Seq clustering is designed for mission-critical servers with demanding availability, MTTR, and scale requirements.

High Availability (HA)

Clustering improves availability during planned maintenance, or unplanned hardware and software failures.

Seq clusters support zero-downtime upgrades. During planned software or hardware maintenance, shutting down a Seq node leaves the remaining nodes ready to receive ingested log data and serve queries with little-to-no perceptible availability gap.

In cases of unplanned downtime, including total and permanent loss of a Seq node, automatic fail-over will cause the cluster to self-heal in low tens of seconds. Built-in storage redundancy limits the potential for data loss in machine failure scenarios.

During outages and infrastructure issues, access to current log and trace data is crucial for fast recovery. Seq clusters recognize this and prioritize availability over durability, continuing to ingest logs and serve queries down to a single remaining Seq node. Clusters use integrated replication monitoring and proactive system alerts to limit unexpected data loss when replication is delayed.

Scale-Out

Scaling up, that is, running Seq on larger machines with more RAM, CPUs, and I/O throughput, is the easiest way to increase the capacity of a Seq instance. Practical considerations mean that larger instance sizes are not always desirable or readily available, and so scale-out provides an alternative method of adding compute resources to a Seq instance.

A cluster diagnostic instance, showing a trace of a Seq query executed on the cluster. The query has run vertexes on nodes alpha and gamma.

Internally, Seq represents queries as parallel dataflow graphs, with each "vertex" operating over a small partition of the underlying data store. When scaling out, vertexes are shared across the nodes participating in the cluster, allowing full utilization of the compute and I/O capabilities of each node.

Cluster Topology

A Seq cluster comprises:

  • An HTTP load balancer,
  • One or more Seq nodes, each with local persistent storage, and
  • A shared Microsoft SQL Server or PostgreSQL database.

Ingestion traffic and API requests from the outside world reach the load balancer. The load balancer spreads traffic over the in-service Seq nodes, and these coordinate internally via cluster networking to serve requests. The backing database is used for shared metadata storage (users, signals, dashboards, etc.), and as a consensus broker for cluster state changes.

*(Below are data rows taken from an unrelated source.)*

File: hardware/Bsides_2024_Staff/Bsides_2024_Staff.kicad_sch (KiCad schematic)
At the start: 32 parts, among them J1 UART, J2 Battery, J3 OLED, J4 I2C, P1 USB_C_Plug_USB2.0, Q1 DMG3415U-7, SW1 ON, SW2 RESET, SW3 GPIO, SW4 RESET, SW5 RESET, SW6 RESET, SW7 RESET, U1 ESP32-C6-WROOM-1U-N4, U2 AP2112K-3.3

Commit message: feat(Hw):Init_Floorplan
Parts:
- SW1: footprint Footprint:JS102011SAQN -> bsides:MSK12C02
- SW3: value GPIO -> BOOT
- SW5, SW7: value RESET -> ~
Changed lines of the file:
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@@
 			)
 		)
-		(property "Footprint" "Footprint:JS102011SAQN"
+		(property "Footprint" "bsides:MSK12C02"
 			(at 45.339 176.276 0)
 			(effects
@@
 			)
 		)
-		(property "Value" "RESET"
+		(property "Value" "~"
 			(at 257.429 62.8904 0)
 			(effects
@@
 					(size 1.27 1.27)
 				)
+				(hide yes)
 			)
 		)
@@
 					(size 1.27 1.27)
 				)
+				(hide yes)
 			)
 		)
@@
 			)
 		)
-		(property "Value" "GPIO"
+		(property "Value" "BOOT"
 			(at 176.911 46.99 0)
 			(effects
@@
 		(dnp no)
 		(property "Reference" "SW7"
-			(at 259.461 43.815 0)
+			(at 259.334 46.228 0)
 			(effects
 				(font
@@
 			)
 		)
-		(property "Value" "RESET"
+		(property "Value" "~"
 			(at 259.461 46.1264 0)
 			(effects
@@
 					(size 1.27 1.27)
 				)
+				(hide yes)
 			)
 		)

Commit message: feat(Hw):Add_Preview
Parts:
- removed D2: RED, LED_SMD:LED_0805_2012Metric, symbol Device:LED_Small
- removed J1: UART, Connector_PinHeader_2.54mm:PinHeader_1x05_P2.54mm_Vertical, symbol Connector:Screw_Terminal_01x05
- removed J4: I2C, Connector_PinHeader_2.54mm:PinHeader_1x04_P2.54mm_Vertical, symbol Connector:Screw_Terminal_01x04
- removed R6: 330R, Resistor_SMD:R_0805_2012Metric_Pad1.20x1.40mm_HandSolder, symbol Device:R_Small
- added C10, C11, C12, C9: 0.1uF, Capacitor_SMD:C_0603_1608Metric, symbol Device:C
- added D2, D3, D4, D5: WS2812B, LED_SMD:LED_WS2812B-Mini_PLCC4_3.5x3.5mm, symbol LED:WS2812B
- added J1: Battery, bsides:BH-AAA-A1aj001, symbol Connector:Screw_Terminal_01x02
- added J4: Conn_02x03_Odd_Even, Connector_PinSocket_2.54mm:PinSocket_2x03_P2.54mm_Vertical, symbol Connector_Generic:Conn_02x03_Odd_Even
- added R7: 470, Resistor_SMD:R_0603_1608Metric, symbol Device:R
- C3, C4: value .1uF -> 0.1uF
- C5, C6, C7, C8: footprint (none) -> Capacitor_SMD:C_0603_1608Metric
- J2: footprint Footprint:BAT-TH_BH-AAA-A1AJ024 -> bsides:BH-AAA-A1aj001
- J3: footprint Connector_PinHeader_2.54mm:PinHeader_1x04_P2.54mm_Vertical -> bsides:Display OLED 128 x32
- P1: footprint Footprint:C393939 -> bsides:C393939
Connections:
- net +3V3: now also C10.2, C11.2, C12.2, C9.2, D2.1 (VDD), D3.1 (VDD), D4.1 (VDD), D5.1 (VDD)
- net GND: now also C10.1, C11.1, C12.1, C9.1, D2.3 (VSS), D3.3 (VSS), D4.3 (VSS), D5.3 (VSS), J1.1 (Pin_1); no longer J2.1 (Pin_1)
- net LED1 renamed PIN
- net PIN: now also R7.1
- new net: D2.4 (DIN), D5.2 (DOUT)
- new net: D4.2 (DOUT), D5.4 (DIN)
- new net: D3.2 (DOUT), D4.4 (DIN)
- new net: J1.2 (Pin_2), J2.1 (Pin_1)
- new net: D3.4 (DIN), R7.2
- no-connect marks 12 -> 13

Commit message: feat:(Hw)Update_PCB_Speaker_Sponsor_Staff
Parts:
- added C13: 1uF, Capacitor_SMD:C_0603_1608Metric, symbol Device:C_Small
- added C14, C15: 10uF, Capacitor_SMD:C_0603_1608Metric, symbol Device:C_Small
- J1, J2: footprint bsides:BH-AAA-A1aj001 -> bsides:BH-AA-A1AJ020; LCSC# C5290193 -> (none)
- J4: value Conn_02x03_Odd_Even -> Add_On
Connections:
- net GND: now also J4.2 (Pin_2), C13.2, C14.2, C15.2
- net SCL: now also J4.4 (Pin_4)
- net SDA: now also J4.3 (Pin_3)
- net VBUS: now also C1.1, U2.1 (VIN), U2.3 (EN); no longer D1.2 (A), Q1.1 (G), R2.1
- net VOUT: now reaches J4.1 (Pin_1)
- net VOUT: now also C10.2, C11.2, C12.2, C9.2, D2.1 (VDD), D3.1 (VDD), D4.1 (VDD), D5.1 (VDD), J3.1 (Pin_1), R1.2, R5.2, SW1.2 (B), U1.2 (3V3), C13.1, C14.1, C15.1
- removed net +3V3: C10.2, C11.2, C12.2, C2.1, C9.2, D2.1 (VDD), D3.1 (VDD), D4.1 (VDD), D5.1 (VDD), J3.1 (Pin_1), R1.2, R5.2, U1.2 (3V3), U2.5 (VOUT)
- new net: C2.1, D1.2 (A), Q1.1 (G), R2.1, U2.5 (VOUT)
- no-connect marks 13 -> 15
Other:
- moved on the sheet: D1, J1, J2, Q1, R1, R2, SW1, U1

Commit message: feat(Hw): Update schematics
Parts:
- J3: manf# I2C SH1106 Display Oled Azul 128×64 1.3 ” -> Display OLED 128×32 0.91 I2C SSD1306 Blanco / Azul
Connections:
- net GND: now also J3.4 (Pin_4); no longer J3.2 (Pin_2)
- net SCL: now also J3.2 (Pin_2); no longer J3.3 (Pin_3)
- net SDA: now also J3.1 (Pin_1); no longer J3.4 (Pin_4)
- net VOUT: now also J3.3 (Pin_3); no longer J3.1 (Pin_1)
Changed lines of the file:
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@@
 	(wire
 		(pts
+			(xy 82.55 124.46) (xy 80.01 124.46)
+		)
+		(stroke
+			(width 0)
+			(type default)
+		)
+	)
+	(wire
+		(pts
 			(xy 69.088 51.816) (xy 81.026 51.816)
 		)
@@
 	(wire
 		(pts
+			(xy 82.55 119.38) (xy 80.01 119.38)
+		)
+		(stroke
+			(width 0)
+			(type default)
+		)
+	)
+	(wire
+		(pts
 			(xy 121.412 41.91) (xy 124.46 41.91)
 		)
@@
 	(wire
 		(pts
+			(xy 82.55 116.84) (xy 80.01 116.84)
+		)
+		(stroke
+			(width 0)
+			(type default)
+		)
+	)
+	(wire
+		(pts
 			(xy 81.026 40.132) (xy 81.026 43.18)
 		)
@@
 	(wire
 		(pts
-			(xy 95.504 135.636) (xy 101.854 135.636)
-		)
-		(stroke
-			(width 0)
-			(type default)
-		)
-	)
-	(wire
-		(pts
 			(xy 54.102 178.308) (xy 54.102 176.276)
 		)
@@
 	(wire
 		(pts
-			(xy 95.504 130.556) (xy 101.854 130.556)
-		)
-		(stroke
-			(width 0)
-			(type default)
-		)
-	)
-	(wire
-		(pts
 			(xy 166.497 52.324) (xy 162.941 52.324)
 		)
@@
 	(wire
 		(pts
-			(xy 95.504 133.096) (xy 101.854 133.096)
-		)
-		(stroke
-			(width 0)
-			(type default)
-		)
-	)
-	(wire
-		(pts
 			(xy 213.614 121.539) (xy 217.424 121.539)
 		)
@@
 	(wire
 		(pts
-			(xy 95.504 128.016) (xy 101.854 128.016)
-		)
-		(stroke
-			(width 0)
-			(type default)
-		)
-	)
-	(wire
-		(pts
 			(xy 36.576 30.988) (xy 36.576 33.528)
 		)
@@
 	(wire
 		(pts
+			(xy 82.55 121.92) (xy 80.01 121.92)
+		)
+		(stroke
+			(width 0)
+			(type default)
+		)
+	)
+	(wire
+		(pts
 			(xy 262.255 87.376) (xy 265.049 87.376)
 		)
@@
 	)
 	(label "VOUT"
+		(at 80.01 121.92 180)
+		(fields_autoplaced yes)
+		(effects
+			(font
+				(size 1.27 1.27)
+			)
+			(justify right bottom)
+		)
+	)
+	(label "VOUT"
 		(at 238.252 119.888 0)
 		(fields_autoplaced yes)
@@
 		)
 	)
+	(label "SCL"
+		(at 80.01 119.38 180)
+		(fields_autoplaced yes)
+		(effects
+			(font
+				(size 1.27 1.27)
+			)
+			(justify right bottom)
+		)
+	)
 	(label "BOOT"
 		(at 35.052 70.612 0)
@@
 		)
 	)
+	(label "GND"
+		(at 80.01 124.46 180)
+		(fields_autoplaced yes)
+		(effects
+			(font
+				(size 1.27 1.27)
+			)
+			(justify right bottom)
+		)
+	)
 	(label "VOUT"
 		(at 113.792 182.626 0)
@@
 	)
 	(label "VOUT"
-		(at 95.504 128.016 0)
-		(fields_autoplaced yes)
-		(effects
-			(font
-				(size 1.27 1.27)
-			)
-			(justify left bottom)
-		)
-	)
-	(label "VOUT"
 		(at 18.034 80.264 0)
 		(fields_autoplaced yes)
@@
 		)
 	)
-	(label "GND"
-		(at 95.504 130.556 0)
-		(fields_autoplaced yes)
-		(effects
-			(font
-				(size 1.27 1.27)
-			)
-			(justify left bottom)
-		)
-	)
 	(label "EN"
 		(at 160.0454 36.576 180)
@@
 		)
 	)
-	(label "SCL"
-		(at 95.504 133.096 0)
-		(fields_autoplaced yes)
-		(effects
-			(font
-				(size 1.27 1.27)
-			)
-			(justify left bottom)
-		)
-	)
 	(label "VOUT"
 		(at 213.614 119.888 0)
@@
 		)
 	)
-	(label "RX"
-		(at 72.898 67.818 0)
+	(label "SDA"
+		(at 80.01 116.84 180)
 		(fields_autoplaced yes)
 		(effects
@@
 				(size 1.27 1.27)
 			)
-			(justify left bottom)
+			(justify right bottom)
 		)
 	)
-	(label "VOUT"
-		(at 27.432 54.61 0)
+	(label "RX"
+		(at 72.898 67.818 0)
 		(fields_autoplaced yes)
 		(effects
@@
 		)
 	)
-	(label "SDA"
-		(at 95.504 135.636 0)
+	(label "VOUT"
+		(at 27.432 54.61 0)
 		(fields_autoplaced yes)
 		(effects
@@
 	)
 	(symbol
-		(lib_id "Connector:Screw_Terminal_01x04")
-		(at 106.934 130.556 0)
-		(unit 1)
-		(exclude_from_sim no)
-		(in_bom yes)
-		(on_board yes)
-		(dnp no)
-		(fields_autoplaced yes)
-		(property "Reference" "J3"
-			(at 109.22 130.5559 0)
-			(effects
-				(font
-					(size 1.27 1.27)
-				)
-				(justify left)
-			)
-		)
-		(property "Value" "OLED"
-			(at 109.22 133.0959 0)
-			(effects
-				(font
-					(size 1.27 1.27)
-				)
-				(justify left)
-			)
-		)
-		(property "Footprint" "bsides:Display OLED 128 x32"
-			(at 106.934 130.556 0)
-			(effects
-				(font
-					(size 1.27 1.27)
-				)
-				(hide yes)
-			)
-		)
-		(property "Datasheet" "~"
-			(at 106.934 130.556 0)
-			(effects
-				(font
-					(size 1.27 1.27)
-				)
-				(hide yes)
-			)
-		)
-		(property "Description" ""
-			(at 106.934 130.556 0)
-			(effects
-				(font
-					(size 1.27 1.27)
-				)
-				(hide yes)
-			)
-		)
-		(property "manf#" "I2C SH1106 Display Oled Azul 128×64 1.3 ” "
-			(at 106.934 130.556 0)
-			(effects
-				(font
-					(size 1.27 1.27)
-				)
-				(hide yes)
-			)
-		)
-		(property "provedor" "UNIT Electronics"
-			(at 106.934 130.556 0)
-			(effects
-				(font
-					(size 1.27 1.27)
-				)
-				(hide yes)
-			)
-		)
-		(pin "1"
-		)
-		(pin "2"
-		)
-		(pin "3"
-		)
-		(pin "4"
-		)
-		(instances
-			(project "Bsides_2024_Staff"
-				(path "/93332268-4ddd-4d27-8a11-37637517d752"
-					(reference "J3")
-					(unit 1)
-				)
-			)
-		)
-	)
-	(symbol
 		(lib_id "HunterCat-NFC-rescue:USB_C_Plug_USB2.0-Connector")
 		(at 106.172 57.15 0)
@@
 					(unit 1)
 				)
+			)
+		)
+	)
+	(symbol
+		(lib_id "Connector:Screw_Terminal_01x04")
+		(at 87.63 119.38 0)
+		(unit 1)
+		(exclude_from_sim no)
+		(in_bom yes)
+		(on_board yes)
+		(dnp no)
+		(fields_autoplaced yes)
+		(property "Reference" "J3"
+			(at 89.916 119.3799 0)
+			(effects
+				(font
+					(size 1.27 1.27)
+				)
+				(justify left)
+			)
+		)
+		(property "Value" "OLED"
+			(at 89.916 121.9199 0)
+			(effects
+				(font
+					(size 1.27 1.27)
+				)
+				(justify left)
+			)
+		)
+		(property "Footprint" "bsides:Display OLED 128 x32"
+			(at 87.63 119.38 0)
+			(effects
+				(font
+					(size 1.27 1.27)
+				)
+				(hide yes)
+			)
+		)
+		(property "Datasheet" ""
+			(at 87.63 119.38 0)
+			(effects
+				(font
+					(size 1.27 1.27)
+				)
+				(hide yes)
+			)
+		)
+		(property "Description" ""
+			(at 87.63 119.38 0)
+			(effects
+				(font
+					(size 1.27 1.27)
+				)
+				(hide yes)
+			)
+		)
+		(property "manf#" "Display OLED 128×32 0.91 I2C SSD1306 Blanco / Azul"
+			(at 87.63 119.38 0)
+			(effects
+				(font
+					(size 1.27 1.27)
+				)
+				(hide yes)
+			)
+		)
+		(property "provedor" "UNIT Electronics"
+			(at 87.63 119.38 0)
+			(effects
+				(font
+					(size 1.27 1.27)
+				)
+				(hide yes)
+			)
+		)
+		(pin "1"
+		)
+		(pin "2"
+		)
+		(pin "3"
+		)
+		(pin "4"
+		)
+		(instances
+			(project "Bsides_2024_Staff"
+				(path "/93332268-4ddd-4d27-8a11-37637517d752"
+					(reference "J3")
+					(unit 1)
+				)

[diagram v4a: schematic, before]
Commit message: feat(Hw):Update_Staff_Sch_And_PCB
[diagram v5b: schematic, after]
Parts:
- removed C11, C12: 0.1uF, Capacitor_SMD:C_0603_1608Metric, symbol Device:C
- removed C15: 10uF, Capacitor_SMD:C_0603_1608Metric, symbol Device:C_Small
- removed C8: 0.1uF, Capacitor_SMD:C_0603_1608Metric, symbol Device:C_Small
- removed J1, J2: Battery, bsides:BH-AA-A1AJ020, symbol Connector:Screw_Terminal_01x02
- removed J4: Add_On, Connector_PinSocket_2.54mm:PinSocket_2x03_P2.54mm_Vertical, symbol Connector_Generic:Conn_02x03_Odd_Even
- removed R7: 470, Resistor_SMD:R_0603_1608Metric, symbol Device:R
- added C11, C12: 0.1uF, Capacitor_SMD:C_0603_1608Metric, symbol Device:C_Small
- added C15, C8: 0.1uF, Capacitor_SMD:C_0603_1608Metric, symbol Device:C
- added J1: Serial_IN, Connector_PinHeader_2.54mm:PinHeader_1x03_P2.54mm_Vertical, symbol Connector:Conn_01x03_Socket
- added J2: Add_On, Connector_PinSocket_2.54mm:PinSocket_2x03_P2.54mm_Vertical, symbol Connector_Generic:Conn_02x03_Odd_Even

See Setting up a Seq HA Cluster for detailed information on the requirements for each component.

Clustering vs Legacy Disaster Recovery (DR)

Seq versions up to and including 2024.3 support a limited two-node clustering capability that provides storage redundancy and manual fail-over for disaster recovery purposes. Legacy DR clusters do not support scale-out: all work runs on the leader node.

Seq DR clusters can be upgraded to HA clusters in-place. But, because the earlier DR implementation is unable to support the coordination features required for HA clustering, manual intervention is required in order to upgrade these clusters. See Migrating Legacy DR Clusters to HA for instructions.